There's art that's dangerous, and then there's art that's dangerous. That is to say, you can present an idea that threatens the way society sees itself or you can take a heap of steel and concrete and turn it into an art object that could also crush your head if you stood in the wrong place, or whack you in the knee, or, really, serve to arm some radical insurgency willing to wage deeply unconventional warfare. The Italian artist Arcangelo Sassolino has, more or less, both kinds in mind.
In point of fact, there are many ways to get maimed in Sassolino's studio. The block of wood being cracked in half by a piston pulling the chains binding it could shoot out a shard like a jagged boomerang when the tension breaks it in two. A nine-ton wall of steel, suspended in the air, could drop on your foot. Any amount of concrete, at any time, could fall on your head. Or the bomb could go off. "I want to put this pressure on the viewer," Sassolino told me, firing up the steel wall, which is levitated by an enormous magnetized pulley system until, after hanging in the air an unspecified amount of time, it is released. "I want to put people in a physical situation — I want to make things a little nervous." When that wall crashes down onto the concrete floor — creating a tremor so powerful that his neighbors have asked him to stop knocking their drywall loose — he achieves his goal. "People laugh," he says, "but they don't want to get too close."
Sassolino makes kinetic sculptures of a certain mechanized menace, machines that crash and crawl and crush and fire and fall. His large studio in Vicenza, Italy, is like the laboratory of a perverse engineer producing an army of machines with which to depopulate the earth. The town of some 100,000 residents is half an hour from Venice and best known for the work of Andrea Palladio, the 16th-century architect whose work served as a model for the pattern, proportion, and ornament for much of modern Western architecture. Vicenza's central squares are an all-star collection of old-world postcards — gorgeous stone vaults and porticos — but outside the center, this beauty is being overrun by rapid industrialization. Sassolino's studio is just off the autostrada, outside town, surrounded by land being ripped up by earthmovers, factories, and cars zipping by; the neighborhood, like his work, has much more to do with a mechanized environment than with Palladio's palazzos.

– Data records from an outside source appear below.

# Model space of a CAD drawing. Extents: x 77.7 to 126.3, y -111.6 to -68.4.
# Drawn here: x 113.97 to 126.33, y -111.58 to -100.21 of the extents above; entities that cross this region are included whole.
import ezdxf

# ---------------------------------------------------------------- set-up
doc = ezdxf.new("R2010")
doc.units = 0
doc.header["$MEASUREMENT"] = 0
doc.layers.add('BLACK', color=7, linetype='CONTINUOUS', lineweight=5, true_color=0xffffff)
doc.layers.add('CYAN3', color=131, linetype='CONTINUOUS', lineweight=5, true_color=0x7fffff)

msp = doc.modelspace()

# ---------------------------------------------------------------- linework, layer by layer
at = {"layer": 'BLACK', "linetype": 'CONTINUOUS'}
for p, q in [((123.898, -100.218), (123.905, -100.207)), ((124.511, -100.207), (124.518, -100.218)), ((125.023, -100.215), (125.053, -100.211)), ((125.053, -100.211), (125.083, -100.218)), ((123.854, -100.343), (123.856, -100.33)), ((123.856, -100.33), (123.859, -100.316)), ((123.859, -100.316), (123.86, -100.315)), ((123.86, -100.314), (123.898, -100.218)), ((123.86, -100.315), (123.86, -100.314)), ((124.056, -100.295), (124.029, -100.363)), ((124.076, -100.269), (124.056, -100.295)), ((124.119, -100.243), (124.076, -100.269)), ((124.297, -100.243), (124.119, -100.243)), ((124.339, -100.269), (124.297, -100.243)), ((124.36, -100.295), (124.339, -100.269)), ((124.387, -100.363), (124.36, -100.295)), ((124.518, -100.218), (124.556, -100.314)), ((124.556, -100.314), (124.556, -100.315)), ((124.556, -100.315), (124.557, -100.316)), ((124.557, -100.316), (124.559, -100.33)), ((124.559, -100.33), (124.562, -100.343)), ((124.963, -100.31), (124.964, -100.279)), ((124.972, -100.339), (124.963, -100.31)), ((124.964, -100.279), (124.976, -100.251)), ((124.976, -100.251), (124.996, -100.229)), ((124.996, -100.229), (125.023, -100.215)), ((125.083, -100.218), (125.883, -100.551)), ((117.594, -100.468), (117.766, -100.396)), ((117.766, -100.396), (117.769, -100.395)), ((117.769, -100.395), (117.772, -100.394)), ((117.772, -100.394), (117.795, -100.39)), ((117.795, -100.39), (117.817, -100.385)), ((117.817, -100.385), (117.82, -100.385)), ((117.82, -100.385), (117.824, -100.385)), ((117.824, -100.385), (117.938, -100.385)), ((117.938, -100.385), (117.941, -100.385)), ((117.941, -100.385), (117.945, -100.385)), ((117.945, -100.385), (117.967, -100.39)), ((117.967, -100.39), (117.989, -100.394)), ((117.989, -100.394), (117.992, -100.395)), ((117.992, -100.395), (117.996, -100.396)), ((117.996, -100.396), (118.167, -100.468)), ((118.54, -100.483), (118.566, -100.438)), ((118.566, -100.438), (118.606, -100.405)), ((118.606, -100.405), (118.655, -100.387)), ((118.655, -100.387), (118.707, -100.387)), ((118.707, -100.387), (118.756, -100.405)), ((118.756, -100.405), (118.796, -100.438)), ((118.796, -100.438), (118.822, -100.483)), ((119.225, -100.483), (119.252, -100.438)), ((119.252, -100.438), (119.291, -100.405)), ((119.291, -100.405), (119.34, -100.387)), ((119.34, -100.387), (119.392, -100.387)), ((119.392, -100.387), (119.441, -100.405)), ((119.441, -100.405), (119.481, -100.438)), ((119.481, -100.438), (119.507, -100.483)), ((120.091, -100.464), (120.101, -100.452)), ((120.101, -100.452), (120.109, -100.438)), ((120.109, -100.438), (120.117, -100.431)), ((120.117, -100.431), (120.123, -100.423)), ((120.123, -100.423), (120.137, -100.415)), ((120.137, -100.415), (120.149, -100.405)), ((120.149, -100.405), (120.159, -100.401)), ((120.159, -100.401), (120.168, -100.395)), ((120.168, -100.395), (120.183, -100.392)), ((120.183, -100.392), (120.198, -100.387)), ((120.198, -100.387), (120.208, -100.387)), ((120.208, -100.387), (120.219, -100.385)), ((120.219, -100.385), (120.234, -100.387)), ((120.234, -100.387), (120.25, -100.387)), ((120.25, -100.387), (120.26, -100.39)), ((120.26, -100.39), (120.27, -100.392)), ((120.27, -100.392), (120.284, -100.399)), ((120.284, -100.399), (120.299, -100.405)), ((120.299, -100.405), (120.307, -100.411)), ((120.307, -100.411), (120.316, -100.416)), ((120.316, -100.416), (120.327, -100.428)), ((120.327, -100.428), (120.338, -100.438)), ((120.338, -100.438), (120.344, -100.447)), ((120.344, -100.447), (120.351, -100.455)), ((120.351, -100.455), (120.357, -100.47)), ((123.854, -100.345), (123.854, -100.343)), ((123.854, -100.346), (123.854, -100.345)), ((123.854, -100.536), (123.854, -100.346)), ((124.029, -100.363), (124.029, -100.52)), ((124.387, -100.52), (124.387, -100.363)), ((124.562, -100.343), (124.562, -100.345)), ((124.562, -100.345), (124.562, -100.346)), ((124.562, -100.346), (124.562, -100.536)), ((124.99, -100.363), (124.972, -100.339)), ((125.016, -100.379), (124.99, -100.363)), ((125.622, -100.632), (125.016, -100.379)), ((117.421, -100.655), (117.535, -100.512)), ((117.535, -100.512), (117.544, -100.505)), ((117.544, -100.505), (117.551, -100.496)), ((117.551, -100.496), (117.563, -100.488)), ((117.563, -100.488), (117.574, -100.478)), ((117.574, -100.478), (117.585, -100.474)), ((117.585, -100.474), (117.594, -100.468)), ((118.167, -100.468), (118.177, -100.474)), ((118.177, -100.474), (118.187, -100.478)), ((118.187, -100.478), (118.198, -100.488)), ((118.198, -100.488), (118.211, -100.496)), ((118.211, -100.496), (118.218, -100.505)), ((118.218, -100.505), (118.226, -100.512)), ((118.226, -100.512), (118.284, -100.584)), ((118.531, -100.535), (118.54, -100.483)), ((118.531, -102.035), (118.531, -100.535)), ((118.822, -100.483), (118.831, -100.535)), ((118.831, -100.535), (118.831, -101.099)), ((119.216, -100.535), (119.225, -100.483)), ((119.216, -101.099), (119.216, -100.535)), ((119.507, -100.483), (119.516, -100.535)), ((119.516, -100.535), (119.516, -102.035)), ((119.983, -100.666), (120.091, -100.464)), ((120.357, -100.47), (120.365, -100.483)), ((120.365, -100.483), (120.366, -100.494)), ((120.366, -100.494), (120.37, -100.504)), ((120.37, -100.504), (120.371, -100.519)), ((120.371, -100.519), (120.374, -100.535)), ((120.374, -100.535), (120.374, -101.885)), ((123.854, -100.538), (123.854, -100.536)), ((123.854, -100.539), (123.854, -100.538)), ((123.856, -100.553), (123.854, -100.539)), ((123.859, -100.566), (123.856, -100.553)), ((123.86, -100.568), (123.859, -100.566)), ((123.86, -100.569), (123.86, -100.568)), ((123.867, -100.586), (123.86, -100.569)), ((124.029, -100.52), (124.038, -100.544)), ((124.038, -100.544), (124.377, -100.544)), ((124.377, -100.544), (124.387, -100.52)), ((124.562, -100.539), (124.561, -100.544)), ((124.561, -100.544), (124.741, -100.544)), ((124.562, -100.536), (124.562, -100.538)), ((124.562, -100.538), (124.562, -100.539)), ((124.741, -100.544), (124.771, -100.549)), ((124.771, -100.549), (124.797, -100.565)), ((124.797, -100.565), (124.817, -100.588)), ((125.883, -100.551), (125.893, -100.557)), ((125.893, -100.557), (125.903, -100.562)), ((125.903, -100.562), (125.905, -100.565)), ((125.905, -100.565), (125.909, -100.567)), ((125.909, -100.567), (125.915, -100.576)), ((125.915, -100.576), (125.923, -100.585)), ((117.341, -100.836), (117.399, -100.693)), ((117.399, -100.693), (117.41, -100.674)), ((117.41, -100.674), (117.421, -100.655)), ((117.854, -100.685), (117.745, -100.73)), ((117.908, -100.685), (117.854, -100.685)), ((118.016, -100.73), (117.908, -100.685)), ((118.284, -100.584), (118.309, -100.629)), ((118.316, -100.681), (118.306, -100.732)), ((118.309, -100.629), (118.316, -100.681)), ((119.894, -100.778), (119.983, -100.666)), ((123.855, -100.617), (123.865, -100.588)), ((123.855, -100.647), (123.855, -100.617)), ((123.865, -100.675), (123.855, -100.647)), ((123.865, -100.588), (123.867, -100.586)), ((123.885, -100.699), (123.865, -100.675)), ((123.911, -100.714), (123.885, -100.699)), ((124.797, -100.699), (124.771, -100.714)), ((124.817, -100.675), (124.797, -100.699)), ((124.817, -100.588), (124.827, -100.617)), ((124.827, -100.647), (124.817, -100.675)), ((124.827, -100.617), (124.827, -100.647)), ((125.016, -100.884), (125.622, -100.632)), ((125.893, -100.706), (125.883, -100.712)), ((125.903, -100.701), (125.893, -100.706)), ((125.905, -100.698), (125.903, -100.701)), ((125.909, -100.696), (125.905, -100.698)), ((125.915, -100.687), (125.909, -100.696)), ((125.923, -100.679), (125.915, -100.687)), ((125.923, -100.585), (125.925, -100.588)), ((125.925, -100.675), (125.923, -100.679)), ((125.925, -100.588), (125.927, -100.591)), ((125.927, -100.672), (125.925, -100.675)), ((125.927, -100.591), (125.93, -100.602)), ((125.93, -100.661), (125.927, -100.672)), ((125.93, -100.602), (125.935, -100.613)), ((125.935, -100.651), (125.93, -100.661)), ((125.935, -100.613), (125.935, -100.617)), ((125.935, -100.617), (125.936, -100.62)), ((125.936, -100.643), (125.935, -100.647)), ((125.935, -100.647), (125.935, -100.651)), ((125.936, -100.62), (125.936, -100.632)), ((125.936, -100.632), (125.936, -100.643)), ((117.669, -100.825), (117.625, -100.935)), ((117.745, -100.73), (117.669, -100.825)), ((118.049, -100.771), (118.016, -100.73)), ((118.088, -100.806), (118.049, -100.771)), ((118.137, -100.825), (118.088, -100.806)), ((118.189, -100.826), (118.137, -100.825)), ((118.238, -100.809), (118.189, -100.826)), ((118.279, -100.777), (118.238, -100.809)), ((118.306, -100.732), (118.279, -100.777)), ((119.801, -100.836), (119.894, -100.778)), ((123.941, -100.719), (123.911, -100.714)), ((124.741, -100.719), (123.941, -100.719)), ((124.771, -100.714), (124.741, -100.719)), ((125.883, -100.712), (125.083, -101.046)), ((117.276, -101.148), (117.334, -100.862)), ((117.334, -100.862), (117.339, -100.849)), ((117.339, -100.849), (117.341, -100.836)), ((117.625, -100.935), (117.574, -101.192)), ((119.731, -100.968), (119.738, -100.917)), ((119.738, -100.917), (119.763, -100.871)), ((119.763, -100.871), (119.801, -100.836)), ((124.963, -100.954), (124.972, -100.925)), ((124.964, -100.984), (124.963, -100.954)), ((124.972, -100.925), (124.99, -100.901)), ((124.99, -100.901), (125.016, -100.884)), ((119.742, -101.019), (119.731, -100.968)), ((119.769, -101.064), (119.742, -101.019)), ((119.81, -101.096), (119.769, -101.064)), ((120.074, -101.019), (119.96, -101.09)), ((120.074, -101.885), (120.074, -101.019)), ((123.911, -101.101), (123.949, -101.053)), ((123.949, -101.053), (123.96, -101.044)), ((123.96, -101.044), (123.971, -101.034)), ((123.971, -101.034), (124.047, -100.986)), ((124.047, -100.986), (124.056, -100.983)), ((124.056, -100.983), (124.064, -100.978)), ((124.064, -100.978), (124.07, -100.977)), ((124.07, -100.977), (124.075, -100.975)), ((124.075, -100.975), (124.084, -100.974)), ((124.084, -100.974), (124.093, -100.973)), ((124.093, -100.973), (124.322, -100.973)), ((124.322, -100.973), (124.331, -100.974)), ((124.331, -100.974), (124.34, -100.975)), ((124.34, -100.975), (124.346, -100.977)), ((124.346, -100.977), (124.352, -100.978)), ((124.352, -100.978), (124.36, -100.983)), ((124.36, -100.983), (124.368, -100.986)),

Unlike all the products being churned out around them, Sassolino's machines aren't for use — they are operational but not operative. The bomb in his studio — a half-ton space-age-looking metal pressure tank filled with nitrogen that he designed with a local oil and gas equipment manufacturer — could conceivably explode one day if it isn't treated carefully, but it is not actually designed to hurt anyone: Its purpose is not to kill but to make you consider its potential power. Sassolino wants to make people think about the fragility of life — and he chooses to emphasize power and force rather than the human softness that might yield to them. He comes from a tradition leading out of Leonardo's dream machines, surely, but for his part, Sassolino is most attracted to minimalists like Richard Serra or Donald Judd, and the experiments in land art by Robert Smithson, and feels a great affinity for modern Italian art, such as the work of Alberto Burri and Lucio Fontana, and the Arte Povera movement of the late 1960s and '70s, with its urban aesthetic dedicated to creating art from unexpected, everyday materials.